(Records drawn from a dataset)
──────────────────────────────
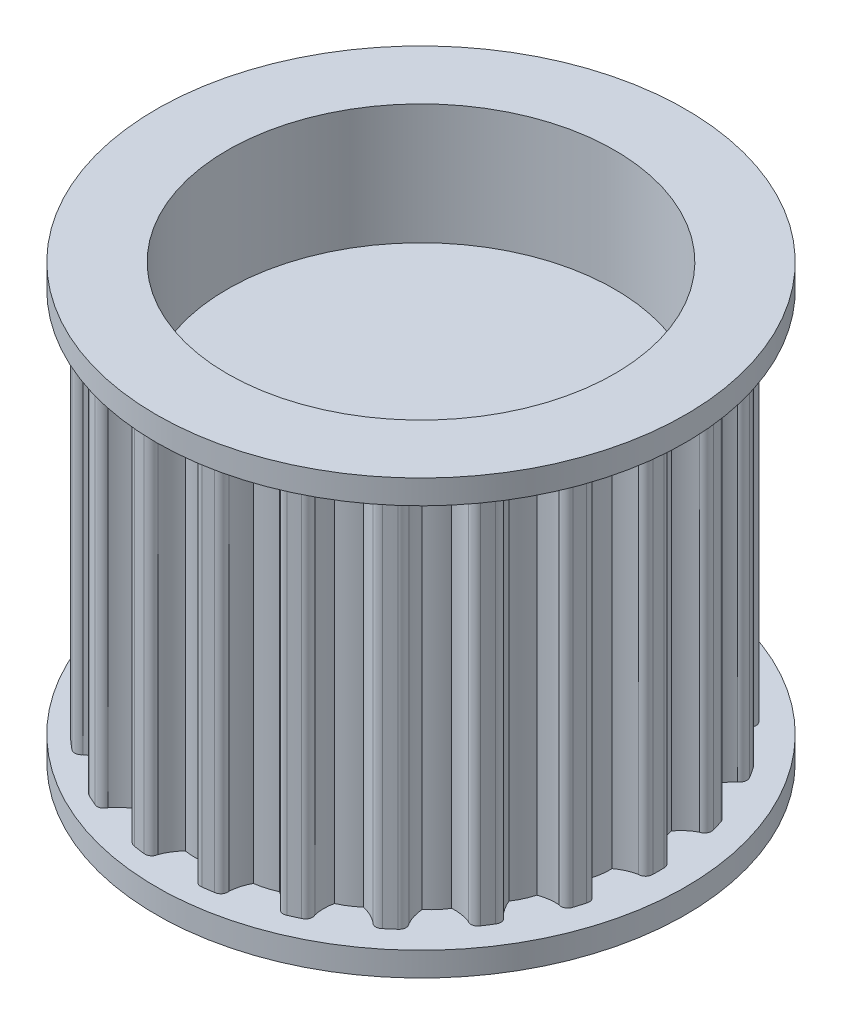
from build123d import *

# Parameters (mm, degrees)
BOSS_EXTRUDE1_DEPTH = 16
SKETCH2_R           = 11
BOSS_EXTRUDE2_DEPTH = 1
BOSS_EXTRUDE3_START = 1
SKETCH3_R           = 11
BOSS_EXTRUDE3_DEPTH = 1
SKETCH4_R           = 8.05
CUT_EXTRUDE1_DEPTH  = 5
CUT_EXTRUDE2_START  = -5
SKETCH5_R           = 8.05
CUT_EXTRUDE2_DEPTH  = 5


with BuildPart() as part:
    # Sketch1 → Boss-Extrude1 (new body)
    with BuildSketch(Plane(origin=(0, 0, 0), x_dir=(1, 0, 0), z_dir=(0, 1, 0))):
        with BuildLine():
            ThreePointArc((-3.858731632, 9.152099082), (-4.037651266, 9.321902159), (-4.281438065, 9.284308058))
            ThreePointArc((-4.281438065, 9.284308058), (-4.268277755, 9.29344918), (-4.255080151, 9.302536377))
            ThreePointArc((-4.255080151, 9.302536377), (-4.463852821, 9.210023953), (-4.670486069, 9.11282685))
            ThreePointArc((-4.670486069, 9.11282685), (-4.654975831, 9.116850086), (-4.639449262, 9.120809822))
            ThreePointArc((-4.639449262, 9.120809822), (-4.827507571, 8.961186968), (-4.816346406, 8.714771036))
            ThreePointArc((-4.816346406, 8.714771036), (-4.781990792, 8.504459815), (-4.770494306, 8.291671309))
            ThreePointArc((-4.770494306, 8.291671309), (-4.78074316, 8.090728694), (-4.811383354, 7.891871579))
            ThreePointArc((-4.811383354, 7.891871579), (-5.196529681, 7.684851022), (-5.54483777, 7.420509047))
            ThreePointArc((-5.54483777, 7.420509047), (-5.936314436, 7.55437863), (-6.291311895, 7.766868273))
            ThreePointArc((-6.291311895, 7.766868273), (-6.510823081, 7.879385647), (-6.73414332, 7.774631692))
            ThreePointArc((-6.73414332, 7.774631692), (-6.724091446, 7.787110223), (-6.713988597, 7.799547519))
            ThreePointArc((-6.713988597, 7.799547519), (-6.888240745, 7.65196444), (-7.059120307, 7.50048919))
            ThreePointArc((-7.059120307, 7.50048919), (-7.045371819, 7.508719195), (-7.031589771, 7.516892875))
            ThreePointArc((-7.031589771, 7.516892875), (-7.167059443, 7.310753719), (-7.086926993, 7.077463827))
            ThreePointArc((-7.086926993, 7.077463827), (-6.927121539, 6.695839386), (-6.850327411, 6.289295834))
            ThreePointArc((-6.850327411, 6.289295834), (-7.161548176, 5.982152805), (-7.421273599, 5.630388808))
            ThreePointArc((-7.421273599, 5.630388808), (-7.834608129, 5.64854401), (-8.235090947, 5.752411988))
            ThreePointArc((-8.235090947, 5.752411988), (-8.477410195, 5.79852817), (-8.662171795, 5.635100905))
            ThreePointArc((-8.662171795, 5.635100905), (-8.656042702, 5.649905907), (-8.64985308, 5.664685707))
            ThreePointArc((-8.64985308, 5.664685707), (-8.775467834, 5.473988277), (-8.896750063, 5.280506503))
            ThreePointArc((-8.896750063, 5.280506503), (-8.885877146, 5.292276531), (-8.87495616, 5.304001971))
            ThreePointArc((-8.87495616, 5.304001971), (-8.946862246, 5.068046683), (-8.804250366, 4.86678259))
            ThreePointArc((-8.804250366, 4.86678259), (-8.543402126, 4.545639019), (-8.355182146, 4.177198744))
            ThreePointArc((-8.355182146, 4.177198744), (-8.567264091, 3.794816144), (-8.71736544, 3.384127953))
            ThreePointArc((-8.71736544, 3.384127953), (-9.119071929, 3.285097948), (-9.53259537, 3.271929495))
            ThreePointArc((-9.53259537, 3.271929495), (-9.778091415, 3.247908426), (-9.909326092, 3.039047755))
            ThreePointArc((-9.909326092, 3.039047755), (-9.907616321, 3.054979816), (-9.905841373, 3.070904748))
            ThreePointArc((-9.905841373, 3.070904748), (-9.972642172, 2.852542138), (-10.034501504, 2.632728583))
            ThreePointArc((-10.034501504, 2.632728583), (-10.027385016, 2.647085097), (-10.020209845, 2.661412372))
            ThreePointArc((-10.020209845, 2.661412372), (-10.022726943, 2.414756645), (-9.829189198, 2.261823572))
            ThreePointArc((-9.829189198, 2.261823572), (-9.488430546, 2.027178014), (-9.204033176, 1.726689855))
            ThreePointArc((-9.204033176, 1.726689855), (-9.299794686, 1.300046048), (-9.328111641, 0.863705178))
            ThreePointArc((-9.328111641, 0.863705178), (-9.685646218, 0.655512788), (-10.078709072, 0.526374733))
            ThreePointArc((-10.078709072, 0.526374733), (-10.307493286, 0.434162458), (-10.374569184, 0.19678903))
            ThreePointArc((-10.374569184, 0.19678903), (-10.377417251, 0.212557429), (-10.380200773, 0.22833735))
            ThreePointArc((-10.380200773, 0.22833735), (-10.382132033, 0.114175934), (-10.382775814, 0))
            ThreePointArc((-10.382775814, 0), (-10.382132033, -0.114175934), (-10.380200773, -0.22833735))
            ThreePointArc((-10.380200773, -0.22833735), (-10.377417251, -0.212557429), (-10.374569184, -0.19678903))
            ThreePointArc((-10.374569184, -0.19678903), (-10.307493374, -0.434162615), (-10.078709042, -0.52637494))
            ThreePointArc((-10.078709042, -0.52637494), (-9.685646216, -0.655512899), (-9.328111641, -0.863705178))
            ThreePointArc((-9.328111641, -0.863705178), (-9.299794686, -1.300046048), (-9.204033176, -1.726689855))
            ThreePointArc((-9.204033176, -1.726689855), (-9.488430516, -2.02717812), (-9.829189169, -2.261823779))
            ThreePointArc((-9.829189169, -2.261823779), (-10.022726814, -2.414756771), (-10.020209845, -2.661412372))
            ThreePointArc((-10.020209845, -2.661412372), (-10.027385016, -2.647085097), (-10.034501504, -2.632728583))
            ThreePointArc((-10.034501504, -2.632728583), (-9.972642172, -2.852542138), (-9.905841373, -3.070904748))
            ThreePointArc((-9.905841373, -3.070904748), (-9.907616321, -3.054979816), (-9.909326092, -3.039047755))
            ThreePointArc((-9.909326092, -3.039047755), (-9.778091455, -3.247908602), (-9.532595283, -3.271929686))
            ThreePointArc((-9.532595283, -3.271929686), (-9.119071896, -3.285098054), (-8.71736544, -3.384127953))
            ThreePointArc((-8.71736544, -3.384127953), (-8.567264091, -3.794816144), (-8.355182146, -4.177198744))
            ThreePointArc((-8.355182146, -4.177198744), (-8.543402068, -4.545639113), (-8.804250279, -4.866782781))
            ThreePointArc((-8.804250279, -4.866782781), (-8.946862087, -5.068046768), (-8.87495616, -5.304001971))
            ThreePointArc((-8.87495616, -5.304001971), (-8.885877146, -5.292276531), (-8.896750063, -5.280506503))
            ThreePointArc((-8.896750063, -5.280506503), (-8.775467834, -5.473988277), (-8.64985308, -5.664685707))
            ThreePointArc((-8.64985308, -5.664685707), (-8.656042702, -5.649905907), (-8.662171795, -5.635100905))
            ThreePointArc((-8.662171795, -5.635100905), (-8.477410184, -5.798528351), (-8.23509081, -5.752412147))
            ThreePointArc((-8.23509081, -5.752412147), (-7.834608067, -5.648544103), (-7.421273599, -5.630388808))
            ThreePointArc((-7.421273599, -5.630388808), (-7.161548176, -5.982152805), (-6.850327411, -6.289295834))
            ThreePointArc((-6.850327411, -6.289295834), (-6.927121456, -6.695839459), (-7.086926856, -7.077463985))
            ThreePointArc((-7.086926856, -7.077463985), (-7.167059266, -7.310753756), (-7.031589771, -7.516892875))
            ThreePointArc((-7.031589771, -7.516892875), (-7.045371819, -7.508719195), (-7.059120307, -7.50048919))
            ThreePointArc((-7.059120307, -7.50048919), (-6.888240745, -7.65196444), (-6.713988597, -7.799547519))
            ThreePointArc((-6.713988597, -7.799547519), (-6.724091446, -7.787110223), (-6.73414332, -7.774631692))
            ThreePointArc((-6.73414332, -7.774631692), (-6.510823019, -7.879385817), (-6.291311718, -7.766868387))
            ThreePointArc((-6.291311718, -7.766868387), (-5.936314351, -7.554378701), (-5.54483777, -7.420509047))
            ThreePointArc((-5.54483777, -7.420509047), (-5.196529681, -7.684851022), (-4.811383354, -7.891871579))
            ThreePointArc((-4.811383354, -7.891871579), (-4.780743087, -8.090728926), (-4.770494209, -8.291671781))
            ThreePointArc((-4.770494209, -8.291671781), (-4.781990674, -8.504460105), (-4.81634623, -8.714771149))
            ThreePointArc((-4.81634623, -8.714771149), (-4.827507391, -8.961186954), (-4.639449262, -9.120809822))
            ThreePointArc((-4.639449262, -9.120809822), (-4.654975831, -9.116850086), (-4.670486069, -9.11282685))
            ThreePointArc((-4.670486069, -9.11282685), (-4.463852821, -9.210023953), (-4.255080151, -9.302536377))
            ThreePointArc((-4.255080151, -9.302536377), (-4.268277755, -9.29344918), (-4.281438065, -9.284308058))
            ThreePointArc((-4.281438065, -9.284308058), (-4.037651159, -9.321902305), (-3.858731431, -9.152099141))
            ThreePointArc((-3.858731431, -9.152099141), (-3.577979214, -8.848202465), (-3.240075625, -8.609463775))
            ThreePointArc((-3.240075625, -8.609463775), (-2.831402721, -8.764968314), (-2.403533095, -8.855094824))
            ThreePointArc((-2.403533095, -8.855094824), (-2.248342279, -9.23861908), (-2.176457339, -9.646059383))
            ThreePointArc((-2.176457339, -9.646059383), (-2.11774304, -9.885638078), (-1.892331628, -9.985813002))
            ThreePointArc((-1.892331628, -9.985813002), (-1.908344849, -9.986388003), (-1.92436029, -9.986897475))
            ThreePointArc((-1.92436029, -9.986897475), (-1.698713551, -10.021942099), (-1.47233388, -10.051889061))
            ThreePointArc((-1.47233388, -10.051889061), (-1.487557048, -10.046888155), (-1.502759625, -10.041825))
            ThreePointArc((-1.502759625, -10.041825), (-1.258256277, -10.009213708), (-1.134423135, -9.795881253))
            ThreePointArc((-1.134423135, -9.795881253), (-0.950660943, -9.425197487), (-0.693705286, -9.100930949))
            ThreePointArc((-0.693705286, -9.100930949), (-0.257775814, -9.135), (0.178153658, -9.100930949))
            ThreePointArc((0.178153658, -9.100930949), (0.435109425, -9.425197473), (0.618871717, -9.795881253))
            ThreePointArc((0.618871717, -9.795881253), (0.742704793, -10.009213598), (0.987207997, -10.041825))
            ThreePointArc((0.987207997, -10.041825), (0.97200542, -10.046888155), (0.956782252, -10.051889061))
            ThreePointArc((0.956782252, -10.051889061), (1.183161924, -10.021942099), (1.408808662, -9.986897475))
            ThreePointArc((1.408808662, -9.986897475), (1.392793221, -9.986388003), (1.37678, -9.985813002))
            ThreePointArc((1.37678, -9.985813002), (1.58159899, -9.907724242), (1.667400192, -9.706014483))
            ThreePointArc((1.667400192, -9.706014483), (1.665771888, -9.675861553), (1.660905913, -9.646059324))
            ThreePointArc((1.660905913, -9.646059324), (1.73279076, -9.238619063), (1.887981467, -8.855094824))
            ThreePointArc((1.887981467, -8.855094824), (2.315851093, -8.764968314), (2.724523997, -8.609463775))
            ThreePointArc((2.724523997, -8.609463775), (3.062427687, -8.84820242), (3.343180004, -9.152099082))
            ThreePointArc((3.343180004, -9.152099082), (3.522099638, -9.321902159), (3.765886437, -9.284308058))
            ThreePointArc((3.765886437, -9.284308058), (3.752726127, -9.29344918), (3.739528523, -9.302536377))
            ThreePointArc((3.739528523, -9.302536377), (3.948301193, -9.210023953), (4.154934441, -9.11282685))
            ThreePointArc((4.154934441, -9.11282685), (4.139424204, -9.116850086), (4.123897634, -9.120809822))
            ThreePointArc((4.123897634, -9.120809822), (4.276187707, -9.021372329), (4.335259281, -8.849353055))
            ThreePointArc((4.335259281, -8.849353055), (4.326506345, -8.779890616), (4.300794778, -8.714771036))
            ThreePointArc((4.300794778, -8.714771036), (4.254978598, -8.303582666), (4.295831726, -7.891871579))
            ThreePointArc((4.295831726, -7.891871579), (4.680978054, -7.684851022), (5.029286143, -7.420509047))
            ThreePointArc((5.029286143, -7.420509047), (5.420762808, -7.55437863), (5.775760267, -7.766868273))
            ThreePointArc((5.775760267, -7.766868273), (5.995271453, -7.879385647), (6.218591692, -7.774631692))
            ThreePointArc((6.218591692, -7.774631692), (6.208539818, -7.787110223), (6.198436969, -7.799547519))
            ThreePointArc((6.198436969, -7.799547519), (6.372689117, -7.65196444), (6.543568679, -7.50048919))
            ThreePointArc((6.543568679, -7.50048919), (6.529820191, -7.508719195), (6.516038143, -7.516892875))
            ThreePointArc((6.516038143, -7.516892875), (6.616862506, -7.414596645), (6.653701918, -7.275769672))
            ThreePointArc((6.653701918, -7.275769672), (6.632302541, -7.168411778), (6.571375365, -7.077463827))
            ThreePointArc((6.571375365, -7.077463827), (6.411569911, -6.695839386), (6.334775783, -6.289295834))
            ThreePointArc((6.334775783, -6.289295834), (6.645996548, -5.982152805), (6.905721971, -5.630388808))
            ThreePointArc((6.905721971, -5.630388808), (7.319056501, -5.64854401), (7.719539319, -5.752411988))
            ThreePointArc((7.719539319, -5.752411988), (7.961858567, -5.79852817), (8.146620168, -5.635100905))
            ThreePointArc((8.146620168, -5.635100905), (8.140491074, -5.649905907), (8.134301452, -5.664685707))
            ThreePointArc((8.134301452, -5.664685707), (8.259916206, -5.473988277), (8.381198435, -5.280506503))
            ThreePointArc((8.381198435, -5.280506503), (8.370325518, -5.292276531), (8.359404532, -5.304001971))
            ThreePointArc((8.359404532, -5.304001971), (8.415344369, -5.215555256), (8.434901667, -5.112746701))
            ThreePointArc((8.434901667, -5.112746701), (8.395591488, -4.96967885), (8.288698738, -4.86678259))
            ThreePointArc((8.288698738, -4.86678259), (8.027850498, -4.545639019), (7.839630518, -4.177198744))
            ThreePointArc((7.839630518, -4.177198744), (8.051712464, -3.794816144), (8.201813812, -3.384127953))
            ThreePointArc((8.201813812, -3.384127953), (8.603520301, -3.285097948), (9.017043742, -3.271929495))
            ThreePointArc((9.017043742, -3.271929495), (9.262539788, -3.247908426), (9.393774464, -3.039047755))
            ThreePointArc((9.393774464, -3.039047755), (9.392064693, -3.054979816), (9.390289745, -3.070904748))
            ThreePointArc((9.390289745, -3.070904748), (9.457090544, -2.852542138), (9.518949876, -2.632728583))
            ThreePointArc((9.518949876, -2.632728583), (9.511833389, -2.647085097), (9.504658217, -2.661412372))
            ThreePointArc((9.504658217, -2.661412372), (9.526979273, -2.60021665), (9.534556319, -2.535519399))
            ThreePointArc((9.534556319, -2.535519399), (9.472435586, -2.359654039), (9.313637571, -2.261823572))
            ThreePointArc((9.313637571, -2.261823572), (8.972878918, -2.027178014), (8.688481549, -1.726689855))
            ThreePointArc((8.688481549, -1.726689855), (8.781549356, -1.318352466), (8.812804046, -0.900711252))
            ThreePointArc((8.812804046, -0.900711252), (8.812743037, -0.882207813), (8.812560013, -0.863705178))
            ThreePointArc((8.812560013, -0.863705178), (9.17009459, -0.655512788), (9.563157444, -0.526374733))
            ThreePointArc((9.563157444, -0.526374733), (9.7742117, -0.452203126), (9.863578355, -0.247120393))
            ThreePointArc((9.863578355, -0.247120393), (9.862435824, -0.221851603), (9.859017556, -0.19678903))
            ThreePointArc((9.859017556, -0.19678903), (9.861865623, -0.212557429), (9.864649145, -0.22833735))
            ThreePointArc((9.864649145, -0.22833735), (9.867224186, 0), (9.864649145, 0.22833735))
            ThreePointArc((9.864649145, 0.22833735), (9.861865623, 0.212557429), (9.859017556, 0.19678903))
            ThreePointArc((9.859017556, 0.19678903), (9.862435853, 0.221851708), (9.863578393, 0.247120605))
            ThreePointArc((9.863578393, 0.247120605), (9.774211714, 0.452203362), (9.563157414, 0.52637494))
            ThreePointArc((9.563157414, 0.52637494), (9.170094588, 0.655512899), (8.812560013, 0.863705178))
            ThreePointArc((8.812560013, 0.863705178), (8.812743037, 0.882207813), (8.812804046, 0.900711252))
            ThreePointArc((8.812804046, 0.900711252), (8.781549356, 1.318352466), (8.688481549, 1.726689855))
            ThreePointArc((8.688481549, 1.726689855), (8.972878888, 2.02717812), (9.313637541, 2.261823779))
            ThreePointArc((9.313637541, 2.261823779), (9.472435511, 2.359654259), (9.534556222, 2.535519592))
            ThreePointArc((9.534556222, 2.535519592), (9.5269792, 2.600216738), (9.504658217, 2.661412372))
            ThreePointArc((9.504658217, 2.661412372), (9.511833389, 2.647085097), (9.518949876, 2.632728583))
            ThreePointArc((9.518949876, 2.632728583), (9.457090544, 2.852542138), (9.390289745, 3.070904748))
            ThreePointArc((9.390289745, 3.070904748), (9.392064693, 3.054979816), (9.393774464, 3.039047755))
            ThreePointArc((9.393774464, 3.039047755), (9.262539828, 3.247908602), (9.017043655, 3.271929686))
            ThreePointArc((9.017043655, 3.271929686), (8.603520268, 3.285098054), (8.201813812, 3.384127953))
            ThreePointArc((8.201813812, 3.384127953), (8.051712464, 3.794816144), (7.839630518, 4.177198744))
            ThreePointArc((7.839630518, 4.177198744), (8.02785044, 4.545639113), (8.288698651, 4.866782781))
            ThreePointArc((8.288698651, 4.866782781), (8.395591358, 4.969679037), (8.434901519, 5.112746859))
            ThreePointArc((8.434901519, 5.112746859), (8.415344261, 5.215555313), (8.359404532, 5.304001971))
            ThreePointArc((8.359404532, 5.304001971), (8.370325518, 5.292276531), (8.381198435, 5.280506503))
            ThreePointArc((8.381198435, 5.280506503), (8.259916206, 5.473988277), (8.134301452, 5.664685707))
            ThreePointArc((8.134301452, 5.664685707), (8.140491074, 5.649905907), (8.146620168, 5.635100905))
            ThreePointArc((8.146620168, 5.635100905), (7.961858556, 5.798528351), (7.719539182, 5.752412147))
            ThreePointArc((7.719539182, 5.752412147), (7.31905644, 5.648544103), (6.905721971, 5.630388808))
            ThreePointArc((6.905721971, 5.630388808), (6.645996548, 5.982152805), (6.334775783, 6.289295834))
            ThreePointArc((6.334775783, 6.289295834), (6.411569829, 6.695839459), (6.571375228, 7.077463985))
            ThreePointArc((6.571375228, 7.077463985), (6.632302369, 7.16841192), (6.653701732, 7.275769782))
            ThreePointArc((6.653701732, 7.275769782), (6.616862373, 7.414596661), (6.516038143, 7.516892875))
            ThreePointArc((6.516038143, 7.516892875), (6.529820191, 7.508719195), (6.543568679, 7.50048919))
            ThreePointArc((6.543568679, 7.50048919), (6.372689117, 7.65196444), (6.198436969, 7.799547519))
            ThreePointArc((6.198436969, 7.799547519), (6.208539818, 7.787110223), (6.218591692, 7.774631692))
            ThreePointArc((6.218591692, 7.774631692), (5.995271391, 7.879385817), (5.775760091, 7.766868387))
            ThreePointArc((5.775760091, 7.766868387), (5.420762723, 7.554378701), (5.029286143, 7.420509047))
            ThreePointArc((5.029286143, 7.420509047), (4.680978054, 7.684851022), (4.295831726, 7.891871579))
            ThreePointArc((4.295831726, 7.891871579), (4.254978498, 8.303582714), (4.300794602, 8.714771149))
            ThreePointArc((4.300794602, 8.714771149), (4.326506144, 8.779890702), (4.335259072, 8.849353108))
            ThreePointArc((4.335259072, 8.849353108), (4.276187564, 9.021372297), (4.123897634, 9.120809822))
            ThreePointArc((4.123897634, 9.120809822), (4.139424204, 9.116850086), (4.154934441, 9.11282685))
            ThreePointArc((4.154934441, 9.11282685), (3.948301193, 9.210023953), (3.739528523, 9.302536377))
            ThreePointArc((3.739528523, 9.302536377), (3.752726127, 9.29344918), (3.765886437, 9.284308058))
            ThreePointArc((3.765886437, 9.284308058), (3.522099531, 9.321902305), (3.343179803, 9.152099141))
            ThreePointArc((3.343179803, 9.152099141), (3.062427586, 8.848202465), (2.724523997, 8.609463775))
            ThreePointArc((2.724523997, 8.609463775), (2.315851093, 8.764968314), (1.887981467, 8.855094824))
            ThreePointArc((1.887981467, 8.855094824), (1.732790651, 9.23861908), (1.660905712, 9.646059383))
            ThreePointArc((1.660905712, 9.646059383), (1.665771676, 9.675861579), (1.667399977, 9.706014474))
            ThreePointArc((1.667399977, 9.706014474), (1.581598852, 9.907724159), (1.37678, 9.985813002))
            ThreePointArc((1.37678, 9.985813002), (1.392793221, 9.986388003), (1.408808662, 9.986897475))
            ThreePointArc((1.408808662, 9.986897475), (1.183161924, 10.021942099), (0.956782252, 10.051889061))
            ThreePointArc((0.956782252, 10.051889061), (0.97200542, 10.046888155), (0.987207997, 10.041825))
            ThreePointArc((0.987207997, 10.041825), (0.742704649, 10.009213708), (0.618871508, 9.795881253))
            ThreePointArc((0.618871508, 9.795881253), (0.435109315, 9.425197487), (0.178153658, 9.100930949))
            ThreePointArc((0.178153658, 9.100930949), (-0.257775814, 9.135), (-0.693705286, 9.100930949))
            ThreePointArc((-0.693705286, 9.100930949), (-0.950661053, 9.425197473), (-1.134423345, 9.795881253))
            ThreePointArc((-1.134423345, 9.795881253), (-1.258256421, 10.009213598), (-1.502759625, 10.041825))
            ThreePointArc((-1.502759625, 10.041825), (-1.487557048, 10.046888155), (-1.47233388, 10.051889061))
            ThreePointArc((-1.47233388, 10.051889061), (-1.698713551, 10.021942099), (-1.92436029, 9.986897475))
            ThreePointArc((-1.92436029, 9.986897475), (-1.908344849, 9.986388003), (-1.892331628, 9.985813002))
            ThreePointArc((-1.892331628, 9.985813002), (-2.117743209, 9.885638143), (-2.17645754, 9.646059324))
            ThreePointArc((-2.17645754, 9.646059324), (-2.248342388, 9.238619063), (-2.403533095, 8.855094824))
            ThreePointArc((-2.403533095, 8.855094824), (-2.831402721, 8.764968314), (-3.240075625, 8.609463775))
            ThreePointArc((-3.240075625, 8.609463775), (-3.577979315, 8.84820242), (-3.858731632, 9.152099082))
        make_face()
    extrude(amount=BOSS_EXTRUDE1_DEPTH)

    # Sketch2 → Boss-Extrude2 (add)
    with BuildSketch(Plane(origin=(0, 16, 0), x_dir=(1, 0, 0), z_dir=(0, 1, 0))):
        with Locations(Location((0, 0, 0), (0, 0, 270))):
            Circle(SKETCH2_R)
    extrude(amount=BOSS_EXTRUDE2_DEPTH)

    # Sketch3 → Boss-Extrude3 (add)
    with BuildSketch(Plane.XZ.offset(BOSS_EXTRUDE3_START)):
        with Locations(Location((0, 0, 0), (0, 0, 90))):
            Circle(SKETCH3_R)
    extrude(amount=-BOSS_EXTRUDE3_DEPTH)

    # Sketch4 → Cut-Extrude1 (cut)
    with BuildSketch(Plane.XZ.offset(1)):
        with Locations(Location((0, 0, 0), (0, 0, 270))):
            Circle(SKETCH4_R)
    extrude(amount=-CUT_EXTRUDE1_DEPTH, mode=Mode.SUBTRACT)

    # Sketch5 → Cut-Extrude2 (cut)
    with BuildSketch(Plane(origin=(0, 17, 0), x_dir=(1, 0, 0), z_dir=(0, 1, 0)).offset(CUT_EXTRUDE2_START)):
        with Locations(Location((0, 0, 0), (0, 0, 90))):
            Circle(SKETCH5_R)
    extrude(amount=CUT_EXTRUDE2_DEPTH, mode=Mode.SUBTRACT)


solid = part.part
──────────────────────────────
Both the line containing "5.982152805), (6.334775783, 6.289295834))" and the line containing "7.16841192), (6.653701732, 7.275769782))" belong in the answer. Print them and every line above that falls between them exactly, and no others.

            ThreePointArc((6.905721971, 5.630388808), (6.645996548, 5.982152805), (6.334775783, 6.289295834))
            ThreePointArc((6.334775783, 6.289295834), (6.411569829, 6.695839459), (6.571375228, 7.077463985))
            ThreePointArc((6.571375228, 7.077463985), (6.632302369, 7.16841192), (6.653701732, 7.275769782))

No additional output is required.